Is your case ripe for mediation?



Cases can fail at mediation for no reason other than timing.  While a skillful mediator can help disputing parties overcome many obstacles if the parties are not ready to mediate – then a settlement may be impossible no matter what the mediator does.

What does it mean to be ready to mediate?


I am not talking about mentally and emotionally prepared to enter into a negotiation.  Believe it or not, resistance to settlement and hard-headedness are some of the obstacles almost any competent mediator can readily overcome.  The potentially insurmountable obstacles arise when that parties are literally not ready to mediate because the case is not developed to the point that a meaningful negotiation can take place. 



We often refer to a case being ready for mediation by describing it as “ripe”.  A case that is ripe for mediation is not necessarily one that is trial ready.  And by understanding where in the trial preparation continuum a case is ripe for mediation and scheduling accordingly - the likelihood of settlement is increased and a better outcome for al parties is probable.
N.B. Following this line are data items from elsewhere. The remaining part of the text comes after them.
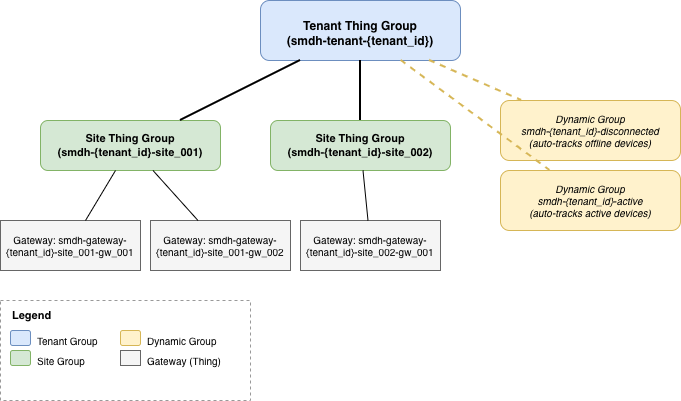

The diagram above was exported from draw.io. Its source (the exported page's mxGraphModel, read from the mxfile embedded in the PNG):
<mxGraphModel dx="1186" dy="829" grid="1" gridSize="10" guides="1" tooltips="1" connect="1" arrows="1" fold="1" page="1" pageScale="1" pageWidth="850" pageHeight="600" math="0" shadow="0">
  <root>
    <mxCell id="0" />
    <mxCell id="1" parent="0" />
    <mxCell id="tenant" value="Tenant Thing Group&#10;(smdh-tenant-{tenant_id})" style="rounded=1;whiteSpace=wrap;html=1;fillColor=#dae8fc;strokeColor=#6c8ebf;fontStyle=1;fontSize=12;spacingTop=5;" parent="1" vertex="1">
      <mxGeometry x="300" y="40" width="200" height="60" as="geometry" />
    </mxCell>
    <mxCell id="site1" value="Site Thing Group&#10;(smdh-{tenant_id}-site_001)" style="rounded=1;whiteSpace=wrap;html=1;fillColor=#d5e8d4;strokeColor=#82b366;fontStyle=1;fontSize=11;" parent="1" vertex="1">
      <mxGeometry x="80" y="160" width="180" height="50" as="geometry" />
    </mxCell>
    <mxCell id="site2" value="Site Thing Group&#10;(smdh-{tenant_id}-site_002)" style="rounded=1;whiteSpace=wrap;html=1;fillColor=#d5e8d4;strokeColor=#82b366;fontStyle=1;fontSize=11;" parent="1" vertex="1">
      <mxGeometry x="310" y="160" width="180" height="50" as="geometry" />
    </mxCell>
    <mxCell id="dynamic1" value="Dynamic Group&#10;smdh-{tenant_id}-disconnected&#10;(auto-tracks offline devices)" style="rounded=1;whiteSpace=wrap;html=1;fillColor=#fff2cc;strokeColor=#d6b656;fontStyle=2;fontSize=10;" parent="1" vertex="1">
      <mxGeometry x="540" y="140" width="180" height="60" as="geometry" />
    </mxCell>
    <mxCell id="dynamic2" value="Dynamic Group&#10;smdh-{tenant_id}-active&#10;(auto-tracks active devices)" style="rounded=1;whiteSpace=wrap;html=1;fillColor=#fff2cc;strokeColor=#d6b656;fontStyle=2;fontSize=10;" parent="1" vertex="1">
      <mxGeometry x="540" y="210" width="180" height="60" as="geometry" />
    </mxCell>
    <mxCell id="gw1" value="Gateway: smdh-gateway-&#10;{tenant_id}-site_001-gw_001" style="rounded=0;whiteSpace=wrap;html=1;fillColor=#f5f5f5;strokeColor=#666666;fontSize=10;" parent="1" vertex="1">
      <mxGeometry x="40" y="260" width="140" height="50" as="geometry" />
    </mxCell>
    <mxCell id="gw2" value="Gateway: smdh-gateway-&#10;{tenant_id}-site_001-gw_002" style="rounded=0;whiteSpace=wrap;html=1;fillColor=#f5f5f5;strokeColor=#666666;fontSize=10;" parent="1" vertex="1">
      <mxGeometry x="190" y="260" width="140" height="50" as="geometry" />
    </mxCell>
    <mxCell id="gw3" value="Gateway: smdh-gateway-&#10;{tenant_id}-site_002-gw_001" style="rounded=0;whiteSpace=wrap;html=1;fillColor=#f5f5f5;strokeColor=#666666;fontSize=10;" parent="1" vertex="1">
      <mxGeometry x="340" y="260" width="140" height="50" as="geometry" />
    </mxCell>
    <mxCell id="c1" style="endArrow=none;html=1;rounded=0;strokeWidth=2;" parent="1" source="tenant" target="site1" edge="1">
      <mxGeometry relative="1" as="geometry" />
    </mxCell>
    <mxCell id="c2" style="endArrow=none;html=1;rounded=0;strokeWidth=2;" parent="1" source="tenant" target="site2" edge="1">
      <mxGeometry relative="1" as="geometry" />
    </mxCell>
    <mxCell id="c3" style="endArrow=none;html=1;rounded=0;strokeWidth=2;dashed=1;strokeColor=#d6b656;" parent="1" source="tenant" target="dynamic1" edge="1">
      <mxGeometry relative="1" as="geometry" />
    </mxCell>
    <mxCell id="c4" style="endArrow=none;html=1;rounded=0;strokeWidth=2;dashed=1;strokeColor=#d6b656;" parent="1" source="tenant" target="dynamic2" edge="1">
      <mxGeometry relative="1" as="geometry" />
    </mxCell>
    <mxCell id="c5" style="endArrow=none;html=1;rounded=0;strokeWidth=1;" parent="1" source="site1" target="gw1" edge="1">
      <mxGeometry relative="1" as="geometry" />
    </mxCell>
    <mxCell id="c6" style="endArrow=none;html=1;rounded=0;strokeWidth=1;" parent="1" source="site1" target="gw2" edge="1">
      <mxGeometry relative="1" as="geometry" />
    </mxCell>
    <mxCell id="c7" style="endArrow=none;html=1;rounded=0;strokeWidth=1;" parent="1" source="site2" target="gw3" edge="1">
      <mxGeometry relative="1" as="geometry" />
    </mxCell>
    <mxCell id="legend" value="" style="rounded=0;whiteSpace=wrap;html=1;fillColor=none;strokeColor=#999999;dashed=1;" parent="1" vertex="1">
      <mxGeometry x="40" y="340" width="250" height="100" as="geometry" />
    </mxCell>
    <mxCell id="legend-title" value="Legend" style="text;html=1;strokeColor=none;fillColor=none;align=left;verticalAlign=middle;fontStyle=1;fontSize=11;" parent="1" vertex="1">
      <mxGeometry x="50" y="345" width="80" height="20" as="geometry" />
    </mxCell>
    <mxCell id="leg1" value="" style="rounded=1;whiteSpace=wrap;html=1;fillColor=#dae8fc;strokeColor=#6c8ebf;" parent="1" vertex="1">
      <mxGeometry x="50" y="370" width="20" height="15" as="geometry" />
    </mxCell>
    <mxCell id="leg1-text" value="Tenant Group" style="text;html=1;strokeColor=none;fillColor=none;align=left;fontSize=10;" parent="1" vertex="1">
      <mxGeometry x="75" y="368" width="80" height="20" as="geometry" />
    </mxCell>
    <mxCell id="leg2" value="" style="rounded=1;whiteSpace=wrap;html=1;fillColor=#d5e8d4;strokeColor=#82b366;" parent="1" vertex="1">
      <mxGeometry x="50" y="390" width="20" height="15" as="geometry" />
    </mxCell>
    <mxCell id="leg2-text" value="Site Group" style="text;html=1;strokeColor=none;fillColor=none;align=left;fontSize=10;" parent="1" vertex="1">
      <mxGeometry x="75" y="388" width="80" height="20" as="geometry" />
    </mxCell>
    <mxCell id="leg3" value="" style="rounded=1;whiteSpace=wrap;html=1;fillColor=#fff2cc;strokeColor=#d6b656;" parent="1" vertex="1">
      <mxGeometry x="160" y="370" width="20" height="15" as="geometry" />
    </mxCell>
    <mxCell id="leg3-text" value="Dynamic Group" style="text;html=1;strokeColor=none;fillColor=none;align=left;fontSize=10;" parent="1" vertex="1">
      <mxGeometry x="185" y="368" width="100" height="20" as="geometry" />
    </mxCell>
    <mxCell id="leg4" value="" style="rounded=0;whiteSpace=wrap;html=1;fillColor=#f5f5f5;strokeColor=#666666;" parent="1" vertex="1">
      <mxGeometry x="160" y="390" width="20" height="15" as="geometry" />
    </mxCell>
    <mxCell id="leg4-text" value="Gateway (Thing)" style="text;html=1;strokeColor=none;fillColor=none;align=left;fontSize=10;" parent="1" vertex="1">
      <mxGeometry x="185" y="388" width="100" height="20" as="geometry" />
    </mxCell>
  </root>
</mxGraphModel>

Ripe for mediation checklist:

  • Complaint is filed

  • Answer is filed

  • Initial discovery from both sides is propounded and completed

  • Fact depositions are completed

  • Experts are disclosed and expert deadlines are passed

  • Expert opinions shared – generally I would say detailed and verified expert opinions shared but prior to expert depositions

  • Monetary Demand is Made

  • Initial Responsive Monetary Offer is Communicated

At the point the above list has been completed you are ideally situated to mediate. 



Why is this an ideal time to mediate? 


At this point you have a pending lawsuit, with a known fact base, disclosed experts opinions and negotiation underway. 

Mediate before the experts are “done”.


Mediating prior to completion of expert discovery (disclosed opinions but without depositions) provides considerable cost savings to both sides.  Often times the expense of litigation increases dramatically, when experts begin to make appearances.  So mediate before those appearances take place and those expenses skyrocket. This enables plaintiffs to settle for less and defendants to offer more.  The extent of details in the disclosed expert opinions will necessarily vary from case to case.  Generally, the more complex the case, the more expert opinions will be necessary for a case to be “ripe”.  I have been in cases where complete discovery (including depositions) of initial experts was necessary but the timeline called for secondary deadlines of rebuttal experts and mediation worked quite well between the two deadlines. 

Mediate after a demand has been made and a responsive offer has been given.


This simple milestone can save considerable time in mediating a case.  Surprisingly I have been in mediations where several hours were spent in caucus with one side or the other discussing either what an initial demand should be or whether there is authority to make an offer towards settlement.  By having a demand and offer in the bag, there is certainty that the defense has authority to negotiate and the plaintiffs and counsel have given some thought to the case valuation.  I prefer that a case has proceeded pre-mediation to the point of a reasonable demand and a reasonable first offer – but those are subjective concepts.  For that reason, I limit the checklist to “a demand” and “an offer”.

Increase your chance of success.


A settlement attempt can fall short for many reasons.  But the risk of failure can be reduced by mediating when the case is truly ripe for mediation.  Scheduling a mediation  before the case is ready, before the items on the checklist have been completed, greatly reduces your chance of success.